開講当初から、安定的な運営を課題に、①教員の体制、②事務担当者の体制を検討し、③規程の制定と委員会組織の設置による体制を整えました。また、④学習環境を調整し、⑤運営経費や⑤広報活動を検討しました。運営経費は、選抜料、研修料とし、平成17年度~20年度は、教育プログラムの開発と乳がん看護認定看護師の役割の開発・推進を目的として、ブリストル・マイヤーズスクイブ財団から34万ドルの助成を得ました。さらに、平成26年度~28年度は、認定NPO法人J.POSHから総額150万円の奨学寄付金を得ました。
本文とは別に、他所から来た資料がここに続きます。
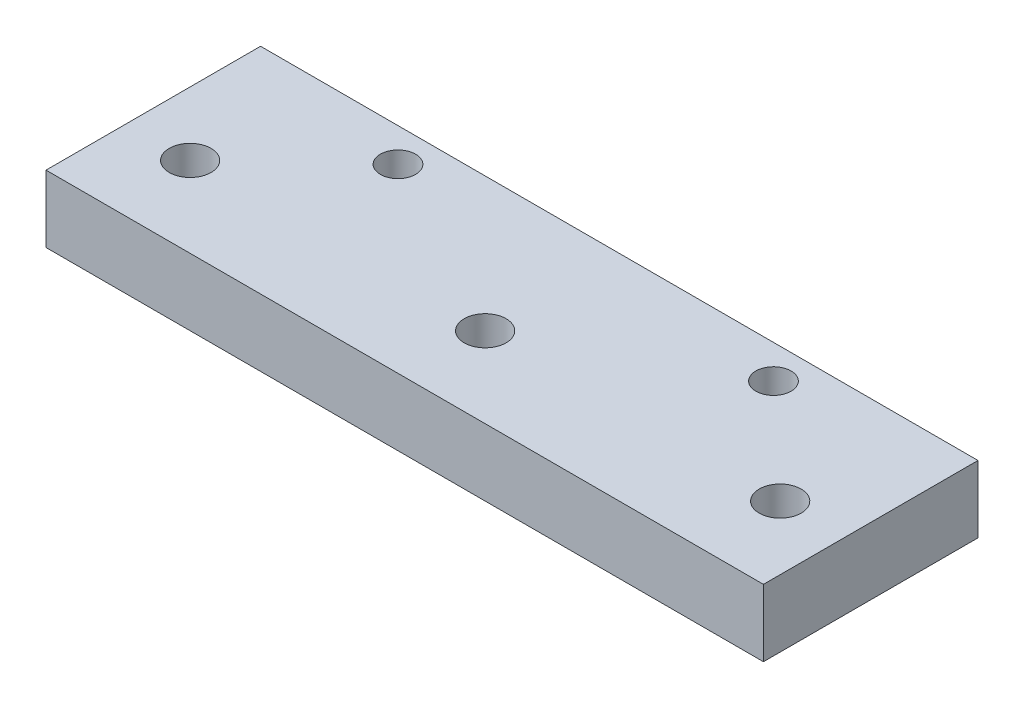
ISO-10303-21;
HEADER;
FILE_DESCRIPTION(('STEP AP214'),'2;1');
FILE_NAME('part.step','',(''),(''),'','','');
FILE_SCHEMA(('AUTOMOTIVE_DESIGN { 1 0 10303 214 1 1 1 1 }'));
ENDSEC;
DATA;
#1=APPLICATION_CONTEXT('core data for automotive mechanical design processes');
#2=APPLICATION_PROTOCOL_DEFINITION('international standard','automotive_design',2000,#1);
#3=PRODUCT_CONTEXT('',#1,'mechanical');
#4=PRODUCT('Part','Part','',(#3));
#5=PRODUCT_RELATED_PRODUCT_CATEGORY('part','',(#4));
#6=PRODUCT_DEFINITION_FORMATION('','',#4);
#7=PRODUCT_DEFINITION_CONTEXT('part definition',#1,'design');
#8=PRODUCT_DEFINITION('design','',#6,#7);
#9=PRODUCT_DEFINITION_SHAPE('','',#8);
#10=(LENGTH_UNIT() NAMED_UNIT(*) SI_UNIT(.MILLI.,.METRE.));
#11=(NAMED_UNIT(*) PLANE_ANGLE_UNIT() SI_UNIT($,.RADIAN.));
#12=(NAMED_UNIT(*) SI_UNIT($,.STERADIAN.) SOLID_ANGLE_UNIT());
#13=UNCERTAINTY_MEASURE_WITH_UNIT(LENGTH_MEASURE(1.E-05),#10,'distance_accuracy_value','');
#14=(GEOMETRIC_REPRESENTATION_CONTEXT(3) GLOBAL_UNCERTAINTY_ASSIGNED_CONTEXT((#13)) GLOBAL_UNIT_ASSIGNED_CONTEXT((#10,
#11,#12)) REPRESENTATION_CONTEXT('',''));
#15=CARTESIAN_POINT('',(0.,0.,0.));
#16=DIRECTION('',(0.,0.,1.));
#17=DIRECTION('',(1.,0.,0.));
#18=AXIS2_PLACEMENT_3D('',#15,#16,#17);
#19=CARTESIAN_POINT('',(169.8625,15.875,50.8));
#20=DIRECTION('',(-1.,0.,0.));
#21=DIRECTION('',(0.,0.,1.));
#22=AXIS2_PLACEMENT_3D('',#19,#20,#21);
#23=PLANE('',#22);
#24=DIRECTION('',(0.,0.,-1.));
#25=VECTOR('',#24,1.);
#26=CARTESIAN_POINT('',(169.8625,-15.875,50.8));
#27=LINE('',#26,#25);
#28=CARTESIAN_POINT('',(169.8625,-15.875,50.8));
#29=VERTEX_POINT('',#28);
#30=CARTESIAN_POINT('',(169.8625,-15.875,-50.8));
#31=VERTEX_POINT('',#30);
#32=EDGE_CURVE('E105',#29,#31,#27,.T.);
#33=ORIENTED_EDGE('',*,*,#32,.T.);
#34=DIRECTION('',(0.,-1.,0.));
#35=VECTOR('',#34,1.);
#36=CARTESIAN_POINT('',(169.8625,15.875,-50.8));
#37=LINE('',#36,#35);
#38=CARTESIAN_POINT('',(169.8625,15.875,-50.8));
#39=VERTEX_POINT('',#38);
#40=EDGE_CURVE('E11',#39,#31,#37,.T.);
#41=ORIENTED_EDGE('',*,*,#40,.F.);
#42=DIRECTION('',(0.,0.,-1.));
#43=VECTOR('',#42,1.);
#44=CARTESIAN_POINT('',(169.8625,15.875,50.8));
#45=LINE('',#44,#43);
#46=CARTESIAN_POINT('',(169.8625,15.875,50.8));
#47=VERTEX_POINT('',#46);
#48=EDGE_CURVE('E92',#47,#39,#45,.T.);
#49=ORIENTED_EDGE('',*,*,#48,.F.);
#50=DIRECTION('',(0.,-1.,0.));
#51=VECTOR('',#50,1.);
#52=CARTESIAN_POINT('',(169.8625,15.875,50.8));
#53=LINE('',#52,#51);
#54=EDGE_CURVE('E101',#47,#29,#53,.T.);
#55=ORIENTED_EDGE('',*,*,#54,.T.);
#56=EDGE_LOOP('',(#33,#41,#49,#55));
#57=FACE_BOUND('',#56,.T.);
#58=ADVANCED_FACE('F39',(#57),#23,.F.);
#59=CARTESIAN_POINT('',(-169.8625,15.875,-50.8));
#60=DIRECTION('',(0.,0.,1.));
#61=DIRECTION('',(1.,0.,0.));
#62=AXIS2_PLACEMENT_3D('',#59,#60,#61);
#63=PLANE('',#62);
#64=DIRECTION('',(-1.,0.,0.));
#65=VECTOR('',#64,1.);
#66=CARTESIAN_POINT('',(-169.8625,-15.875,-50.8));
#67=LINE('',#66,#65);
#68=CARTESIAN_POINT('',(-169.8625,-15.875,-50.8));
#69=VERTEX_POINT('',#68);
#70=EDGE_CURVE('E96',#31,#69,#67,.T.);
#71=ORIENTED_EDGE('',*,*,#70,.T.);
#72=DIRECTION('',(0.,-1.,0.));
#73=VECTOR('',#72,1.);
#74=CARTESIAN_POINT('',(-169.8625,15.875,-50.8));
#75=LINE('',#74,#73);
#76=CARTESIAN_POINT('',(-169.8625,15.875,-50.8));
#77=VERTEX_POINT('',#76);
#78=EDGE_CURVE('E48',#77,#69,#75,.T.);
#79=ORIENTED_EDGE('',*,*,#78,.F.);
#80=DIRECTION('',(-1.,0.,0.));
#81=VECTOR('',#80,1.);
#82=CARTESIAN_POINT('',(-169.8625,15.875,-50.8));
#83=LINE('',#82,#81);
#84=EDGE_CURVE('E87',#39,#77,#83,.T.);
#85=ORIENTED_EDGE('',*,*,#84,.F.);
#86=ORIENTED_EDGE('',*,*,#40,.T.);
#87=EDGE_LOOP('',(#71,#79,#85,#86));
#88=FACE_BOUND('',#87,.T.);
#89=ADVANCED_FACE('F95',(#88),#63,.F.);
#90=CARTESIAN_POINT('',(-169.8625,15.875,50.8));
#91=DIRECTION('',(1.,0.,0.));
#92=DIRECTION('',(0.,0.,-1.));
#93=AXIS2_PLACEMENT_3D('',#90,#91,#92);
#94=PLANE('',#93);
#95=DIRECTION('',(0.,0.,1.));
#96=VECTOR('',#95,1.);
#97=CARTESIAN_POINT('',(-169.8625,-15.875,50.8));
#98=LINE('',#97,#96);
#99=CARTESIAN_POINT('',(-169.8625,-15.875,50.8));
#100=VERTEX_POINT('',#99);
#101=EDGE_CURVE('E74',#69,#100,#98,.T.);
#102=ORIENTED_EDGE('',*,*,#101,.T.);
#103=DIRECTION('',(0.,-1.,0.));
#104=VECTOR('',#103,1.);
#105=CARTESIAN_POINT('',(-169.8625,15.875,50.8));
#106=LINE('',#105,#104);
#107=CARTESIAN_POINT('',(-169.8625,15.875,50.8));
#108=VERTEX_POINT('',#107);
#109=EDGE_CURVE('E97',#108,#100,#106,.T.);
#110=ORIENTED_EDGE('',*,*,#109,.F.);
#111=DIRECTION('',(0.,0.,1.));
#112=VECTOR('',#111,1.);
#113=CARTESIAN_POINT('',(-169.8625,15.875,50.8));
#114=LINE('',#113,#112);
#115=EDGE_CURVE('E90',#77,#108,#114,.T.);
#116=ORIENTED_EDGE('',*,*,#115,.F.);
#117=ORIENTED_EDGE('',*,*,#78,.T.);
#118=EDGE_LOOP('',(#102,#110,#116,#117));
#119=FACE_BOUND('',#118,.T.);
#120=ADVANCED_FACE('F99',(#119),#94,.F.);
#121=CARTESIAN_POINT('',(-169.8625,15.875,50.8));
#122=DIRECTION('',(0.,0.,-1.));
#123=DIRECTION('',(-1.,0.,0.));
#124=AXIS2_PLACEMENT_3D('',#121,#122,#123);
#125=PLANE('',#124);
#126=DIRECTION('',(1.,0.,0.));
#127=VECTOR('',#126,1.);
#128=CARTESIAN_POINT('',(-169.8625,-15.875,50.8));
#129=LINE('',#128,#127);
#130=EDGE_CURVE('E80',#100,#29,#129,.T.);
#131=ORIENTED_EDGE('',*,*,#130,.T.);
#132=ORIENTED_EDGE('',*,*,#54,.F.);
#133=DIRECTION('',(1.,0.,0.));
#134=VECTOR('',#133,1.);
#135=CARTESIAN_POINT('',(-169.8625,15.875,50.8));
#136=LINE('',#135,#134);
#137=EDGE_CURVE('E57',#108,#47,#136,.T.);
#138=ORIENTED_EDGE('',*,*,#137,.F.);
#139=ORIENTED_EDGE('',*,*,#109,.T.);
#140=EDGE_LOOP('',(#131,#132,#138,#139));
#141=FACE_BOUND('',#140,.T.);
#142=ADVANCED_FACE('F144',(#141),#125,.F.);
#143=CARTESIAN_POINT('',(0.,15.875,0.));
#144=DIRECTION('',(0.,-1.,0.));
#145=DIRECTION('',(0.,0.,-1.));
#146=AXIS2_PLACEMENT_3D('',#143,#144,#145);
#147=PLANE('',#146);
#148=CARTESIAN_POINT('',(-88.9127,15.875,-34.925));
#149=DIRECTION('',(0.,-1.,0.));
#150=DIRECTION('',(0.,0.,-1.));
#151=AXIS2_PLACEMENT_3D('',#148,#149,#150);
#152=CIRCLE('',#151,8.3312);
#153=CARTESIAN_POINT('',(-88.9127,15.875,-43.2562));
#154=VERTEX_POINT('',#153);
#155=EDGE_CURVE('E296',#154,#154,#152,.F.);
#156=ORIENTED_EDGE('',*,*,#155,.F.);
#157=EDGE_LOOP('',(#156));
#158=FACE_BOUND('',#157,.T.);
#159=CARTESIAN_POINT('',(88.8873,15.875,-34.925));
#160=DIRECTION('',(0.,-1.,0.));
#161=DIRECTION('',(0.,0.,-1.));
#162=AXIS2_PLACEMENT_3D('',#159,#160,#161);
#163=CIRCLE('',#162,8.3312);
#164=CARTESIAN_POINT('',(88.8873,15.875,-43.2562));
#165=VERTEX_POINT('',#164);
#166=EDGE_CURVE('E297',#165,#165,#163,.F.);
#167=ORIENTED_EDGE('',*,*,#166,.F.);
#168=EDGE_LOOP('',(#167));
#169=FACE_BOUND('',#168,.T.);
#170=CARTESIAN_POINT('',(-139.7127,15.875,12.7));
#171=DIRECTION('',(0.,-1.,0.));
#172=DIRECTION('',(0.,0.,-1.));
#173=AXIS2_PLACEMENT_3D('',#170,#171,#172);
#174=CIRCLE('',#173,9.9187);
#175=CARTESIAN_POINT('',(-139.7127,15.875,2.7813));
#176=VERTEX_POINT('',#175);
#177=EDGE_CURVE('E108',#176,#176,#174,.F.);
#178=ORIENTED_EDGE('',*,*,#177,.F.);
#179=EDGE_LOOP('',(#178));
#180=FACE_BOUND('',#179,.T.);
#181=CARTESIAN_POINT('',(-0.012699999999993,15.875,12.7));
#182=DIRECTION('',(0.,-1.,0.));
#183=DIRECTION('',(0.,0.,-1.));
#184=AXIS2_PLACEMENT_3D('',#181,#182,#183);
#185=CIRCLE('',#184,9.9187);
#186=CARTESIAN_POINT('',(-0.012699999999993,15.875,2.7813));
#187=VERTEX_POINT('',#186);
#188=EDGE_CURVE('E126',#187,#187,#185,.F.);
#189=ORIENTED_EDGE('',*,*,#188,.F.);
#190=EDGE_LOOP('',(#189));
#191=FACE_BOUND('',#190,.T.);
#192=CARTESIAN_POINT('',(139.6873,15.875,12.7));
#193=DIRECTION('',(0.,-1.,0.));
#194=DIRECTION('',(0.,0.,-1.));
#195=AXIS2_PLACEMENT_3D('',#192,#193,#194);
#196=CIRCLE('',#195,9.9187);
#197=CARTESIAN_POINT('',(139.6873,15.875,2.7813));
#198=VERTEX_POINT('',#197);
#199=EDGE_CURVE('E122',#198,#198,#196,.F.);
#200=ORIENTED_EDGE('',*,*,#199,.F.);
#201=EDGE_LOOP('',(#200));
#202=FACE_BOUND('',#201,.T.);
#203=ORIENTED_EDGE('',*,*,#48,.T.);
#204=ORIENTED_EDGE('',*,*,#84,.T.);
#205=ORIENTED_EDGE('',*,*,#115,.T.);
#206=ORIENTED_EDGE('',*,*,#137,.T.);
#207=EDGE_LOOP('',(#203,#204,#205,#206));
#208=FACE_BOUND('',#207,.T.);
#209=ADVANCED_FACE('F88',(#158,#169,#180,#191,#202,#208),#147,.F.);
#210=CARTESIAN_POINT('',(0.,-15.875,0.));
#211=DIRECTION('',(0.,-1.,0.));
#212=DIRECTION('',(0.,0.,-1.));
#213=AXIS2_PLACEMENT_3D('',#210,#211,#212);
#214=PLANE('',#213);
#215=CARTESIAN_POINT('',(-88.9127,-15.875,-34.925));
#216=DIRECTION('',(0.,1.,0.));
#217=DIRECTION('',(0.,0.,1.));
#218=AXIS2_PLACEMENT_3D('',#215,#216,#217);
#219=CIRCLE('',#218,8.3312);
#220=CARTESIAN_POINT('',(-88.9127,-15.875,-26.5938));
#221=VERTEX_POINT('',#220);
#222=EDGE_CURVE('E293',#221,#221,#219,.T.);
#223=ORIENTED_EDGE('',*,*,#222,.T.);
#224=EDGE_LOOP('',(#223));
#225=FACE_BOUND('',#224,.T.);
#226=CARTESIAN_POINT('',(88.8873,-15.875,-34.925));
#227=DIRECTION('',(0.,1.,0.));
#228=DIRECTION('',(0.,0.,1.));
#229=AXIS2_PLACEMENT_3D('',#226,#227,#228);
#230=CIRCLE('',#229,8.3312);
#231=CARTESIAN_POINT('',(88.8873,-15.875,-26.5938));
#232=VERTEX_POINT('',#231);
#233=EDGE_CURVE('E329',#232,#232,#230,.T.);
#234=ORIENTED_EDGE('',*,*,#233,.T.);
#235=EDGE_LOOP('',(#234));
#236=FACE_BOUND('',#235,.T.);
#237=CARTESIAN_POINT('',(-139.7127,-15.875,12.7));
#238=DIRECTION('',(0.,1.,0.));
#239=DIRECTION('',(0.,0.,1.));
#240=AXIS2_PLACEMENT_3D('',#237,#238,#239);
#241=CIRCLE('',#240,15.0876);
#242=CARTESIAN_POINT('',(-139.7127,-15.875,27.7876));
#243=VERTEX_POINT('',#242);
#244=EDGE_CURVE('E307',#243,#243,#241,.T.);
#245=ORIENTED_EDGE('',*,*,#244,.T.);
#246=EDGE_LOOP('',(#245));
#247=FACE_BOUND('',#246,.T.);
#248=CARTESIAN_POINT('',(-0.012699999999993,-15.875,12.7));
#249=DIRECTION('',(0.,1.,0.));
#250=DIRECTION('',(0.,0.,1.));
#251=AXIS2_PLACEMENT_3D('',#248,#249,#250);
#252=CIRCLE('',#251,15.0876);
#253=CARTESIAN_POINT('',(-0.012699999999993,-15.875,27.7876));
#254=VERTEX_POINT('',#253);
#255=EDGE_CURVE('E310',#254,#254,#252,.T.);
#256=ORIENTED_EDGE('',*,*,#255,.T.);
#257=EDGE_LOOP('',(#256));
#258=FACE_BOUND('',#257,.T.);
#259=CARTESIAN_POINT('',(139.6873,-15.875,12.7));
#260=DIRECTION('',(0.,1.,0.));
#261=DIRECTION('',(0.,0.,1.));
#262=AXIS2_PLACEMENT_3D('',#259,#260,#261);
#263=CIRCLE('',#262,15.0876);
#264=CARTESIAN_POINT('',(139.6873,-15.875,27.7876));
#265=VERTEX_POINT('',#264);
#266=EDGE_CURVE('E300',#265,#265,#263,.T.);
#267=ORIENTED_EDGE('',*,*,#266,.T.);
#268=EDGE_LOOP('',(#267));
#269=FACE_BOUND('',#268,.T.);
#270=ORIENTED_EDGE('',*,*,#32,.F.);
#271=ORIENTED_EDGE('',*,*,#130,.F.);
#272=ORIENTED_EDGE('',*,*,#101,.F.);
#273=ORIENTED_EDGE('',*,*,#70,.F.);
#274=EDGE_LOOP('',(#270,#271,#272,#273));
#275=FACE_BOUND('',#274,.T.);
#276=ADVANCED_FACE('F143',(#225,#236,#247,#258,#269,#275),#214,.T.);
#277=CARTESIAN_POINT('',(139.6873,47.625,12.7));
#278=DIRECTION('',(0.,-1.,0.));
#279=DIRECTION('',(0.,0.,-1.));
#280=AXIS2_PLACEMENT_3D('',#277,#278,#279);
#281=CYLINDRICAL_SURFACE('',#280,9.9187);
#282=CARTESIAN_POINT('',(139.6873,-12.7,12.7));
#283=DIRECTION('',(0.,1.,0.));
#284=DIRECTION('',(0.,0.,1.));
#285=AXIS2_PLACEMENT_3D('',#282,#283,#284);
#286=CIRCLE('',#285,9.9187);
#287=CARTESIAN_POINT('',(139.6873,-12.7,22.6187));
#288=VERTEX_POINT('',#287);
#289=EDGE_CURVE('E42',#288,#288,#286,.T.);
#290=ORIENTED_EDGE('',*,*,#289,.F.);
#291=EDGE_LOOP('',(#290));
#292=FACE_BOUND('',#291,.T.);
#293=ORIENTED_EDGE('',*,*,#199,.T.);
#294=EDGE_LOOP('',(#293));
#295=FACE_BOUND('',#294,.T.);
#296=ADVANCED_FACE('F152',(#292,#295),#281,.F.);
#297=CARTESIAN_POINT('',(-0.012699999999993,47.625,12.7));
#298=DIRECTION('',(0.,-1.,0.));
#299=DIRECTION('',(0.,0.,-1.));
#300=AXIS2_PLACEMENT_3D('',#297,#298,#299);
#301=CYLINDRICAL_SURFACE('',#300,9.9187);
#302=CARTESIAN_POINT('',(-0.012699999999993,-12.7,12.7));
#303=DIRECTION('',(0.,1.,0.));
#304=DIRECTION('',(0.,0.,1.));
#305=AXIS2_PLACEMENT_3D('',#302,#303,#304);
#306=CIRCLE('',#305,9.9187);
#307=CARTESIAN_POINT('',(-0.012699999999993,-12.7,22.6187));
#308=VERTEX_POINT('',#307);
#309=EDGE_CURVE('E116',#308,#308,#306,.T.);
#310=ORIENTED_EDGE('',*,*,#309,.F.);
#311=EDGE_LOOP('',(#310));
#312=FACE_BOUND('',#311,.T.);
#313=ORIENTED_EDGE('',*,*,#188,.T.);
#314=EDGE_LOOP('',(#313));
#315=FACE_BOUND('',#314,.T.);
#316=ADVANCED_FACE('F150',(#312,#315),#301,.F.);
#317=CARTESIAN_POINT('',(-139.7127,47.625,12.7));
#318=DIRECTION('',(0.,-1.,0.));
#319=DIRECTION('',(0.,0.,-1.));
#320=AXIS2_PLACEMENT_3D('',#317,#318,#319);
#321=CYLINDRICAL_SURFACE('',#320,9.9187);
#322=CARTESIAN_POINT('',(-139.7127,-12.7,12.7));
#323=DIRECTION('',(0.,1.,0.));
#324=DIRECTION('',(0.,0.,1.));
#325=AXIS2_PLACEMENT_3D('',#322,#323,#324);
#326=CIRCLE('',#325,9.9187);
#327=CARTESIAN_POINT('',(-139.7127,-12.7,22.6187));
#328=VERTEX_POINT('',#327);
#329=EDGE_CURVE('E114',#328,#328,#326,.T.);
#330=ORIENTED_EDGE('',*,*,#329,.F.);
#331=EDGE_LOOP('',(#330));
#332=FACE_BOUND('',#331,.T.);
#333=ORIENTED_EDGE('',*,*,#177,.T.);
#334=EDGE_LOOP('',(#333));
#335=FACE_BOUND('',#334,.T.);
#336=ADVANCED_FACE('F139',(#332,#335),#321,.F.);
#337=CARTESIAN_POINT('',(-139.7127,-12.7,12.7));
#338=DIRECTION('',(0.,-1.,0.));
#339=DIRECTION('',(0.,0.,-1.));
#340=AXIS2_PLACEMENT_3D('',#337,#338,#339);
#341=CYLINDRICAL_SURFACE('',#340,15.0876);
#342=CARTESIAN_POINT('',(-139.7127,-12.7,12.7));
#343=DIRECTION('',(0.,1.,0.));
#344=DIRECTION('',(0.,0.,1.));
#345=AXIS2_PLACEMENT_3D('',#342,#343,#344);
#346=CIRCLE('',#345,15.0876);
#347=CARTESIAN_POINT('',(-139.7127,-12.7,27.7876));
#348=VERTEX_POINT('',#347);
#349=EDGE_CURVE('E117',#348,#348,#346,.T.);
#350=ORIENTED_EDGE('',*,*,#349,.T.);
#351=EDGE_LOOP('',(#350));
#352=FACE_BOUND('',#351,.T.);
#353=ORIENTED_EDGE('',*,*,#244,.F.);
#354=EDGE_LOOP('',(#353));
#355=FACE_BOUND('',#354,.T.);
#356=ADVANCED_FACE('F159',(#352,#355),#341,.F.);
#357=CARTESIAN_POINT('',(-139.7127,-12.7,12.7));
#358=DIRECTION('',(0.,1.,0.));
#359=DIRECTION('',(0.,0.,1.));
#360=AXIS2_PLACEMENT_3D('',#357,#358,#359);
#361=PLANE('',#360);
#362=ORIENTED_EDGE('',*,*,#329,.T.);
#363=EDGE_LOOP('',(#362));
#364=FACE_BOUND('',#363,.T.);
#365=ORIENTED_EDGE('',*,*,#349,.F.);
#366=EDGE_LOOP('',(#365));
#367=FACE_BOUND('',#366,.T.);
#368=ADVANCED_FACE('F221',(#364,#367),#361,.F.);
#369=CARTESIAN_POINT('',(-0.012699999999993,-12.7,12.7));
#370=DIRECTION('',(0.,-1.,0.));
#371=DIRECTION('',(0.,0.,-1.));
#372=AXIS2_PLACEMENT_3D('',#369,#370,#371);
#373=CYLINDRICAL_SURFACE('',#372,15.0876);
#374=CARTESIAN_POINT('',(-0.012699999999993,-12.7,12.7));
#375=DIRECTION('',(0.,1.,0.));
#376=DIRECTION('',(0.,0.,1.));
#377=AXIS2_PLACEMENT_3D('',#374,#375,#376);
#378=CIRCLE('',#377,15.0876);
#379=CARTESIAN_POINT('',(-0.012699999999993,-12.7,27.7876));
#380=VERTEX_POINT('',#379);
#381=EDGE_CURVE('E313',#380,#380,#378,.T.);
#382=ORIENTED_EDGE('',*,*,#381,.T.);
#383=EDGE_LOOP('',(#382));
#384=FACE_BOUND('',#383,.T.);
#385=ORIENTED_EDGE('',*,*,#255,.F.);
#386=EDGE_LOOP('',(#385));
#387=FACE_BOUND('',#386,.T.);
#388=ADVANCED_FACE('F231',(#384,#387),#373,.F.);
#389=CARTESIAN_POINT('',(-0.012699999999993,-12.7,12.7));
#390=DIRECTION('',(0.,1.,0.));
#391=DIRECTION('',(0.,0.,1.));
#392=AXIS2_PLACEMENT_3D('',#389,#390,#391);
#393=PLANE('',#392);
#394=ORIENTED_EDGE('',*,*,#309,.T.);
#395=EDGE_LOOP('',(#394));
#396=FACE_BOUND('',#395,.T.);
#397=ORIENTED_EDGE('',*,*,#381,.F.);
#398=EDGE_LOOP('',(#397));
#399=FACE_BOUND('',#398,.T.);
#400=ADVANCED_FACE('F241',(#396,#399),#393,.F.);
#401=CARTESIAN_POINT('',(139.6873,-12.7,12.7));
#402=DIRECTION('',(0.,-1.,0.));
#403=DIRECTION('',(0.,0.,-1.));
#404=AXIS2_PLACEMENT_3D('',#401,#402,#403);
#405=CYLINDRICAL_SURFACE('',#404,15.0876);
#406=CARTESIAN_POINT('',(139.6873,-12.7,12.7));
#407=DIRECTION('',(0.,1.,0.));
#408=DIRECTION('',(0.,0.,1.));
#409=AXIS2_PLACEMENT_3D('',#406,#407,#408);
#410=CIRCLE('',#409,15.0876);
#411=CARTESIAN_POINT('',(139.6873,-12.7,27.7876));
#412=VERTEX_POINT('',#411);
#413=EDGE_CURVE('E133',#412,#412,#410,.T.);
#414=ORIENTED_EDGE('',*,*,#413,.T.);
#415=EDGE_LOOP('',(#414));
#416=FACE_BOUND('',#415,.T.);
#417=ORIENTED_EDGE('',*,*,#266,.F.);
#418=EDGE_LOOP('',(#417));
#419=FACE_BOUND('',#418,.T.);
#420=ADVANCED_FACE('F251',(#416,#419),#405,.F.);
#421=CARTESIAN_POINT('',(139.6873,-12.7,12.7));
#422=DIRECTION('',(0.,1.,0.));
#423=DIRECTION('',(0.,0.,1.));
#424=AXIS2_PLACEMENT_3D('',#421,#422,#423);
#425=PLANE('',#424);
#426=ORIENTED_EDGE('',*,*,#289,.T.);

また、研修生選抜試験方法の検討、科目内容・時期・担当者の検討、臨地実習調整、修了判定の検討、認定審査の支援について常時検討し、工夫を重ねました。特に、本教育課程修了後に日本看護協会が行う認定審査の準備においては、研修生に、修了試験の成績を伝え、自己の学習上の課題を明確にするよう促しました。さらに、修了後は、自施設の医師や看護管理者の協力を得て学習環境を整えることや、近隣の研修生同士で学習を深めることを促しました。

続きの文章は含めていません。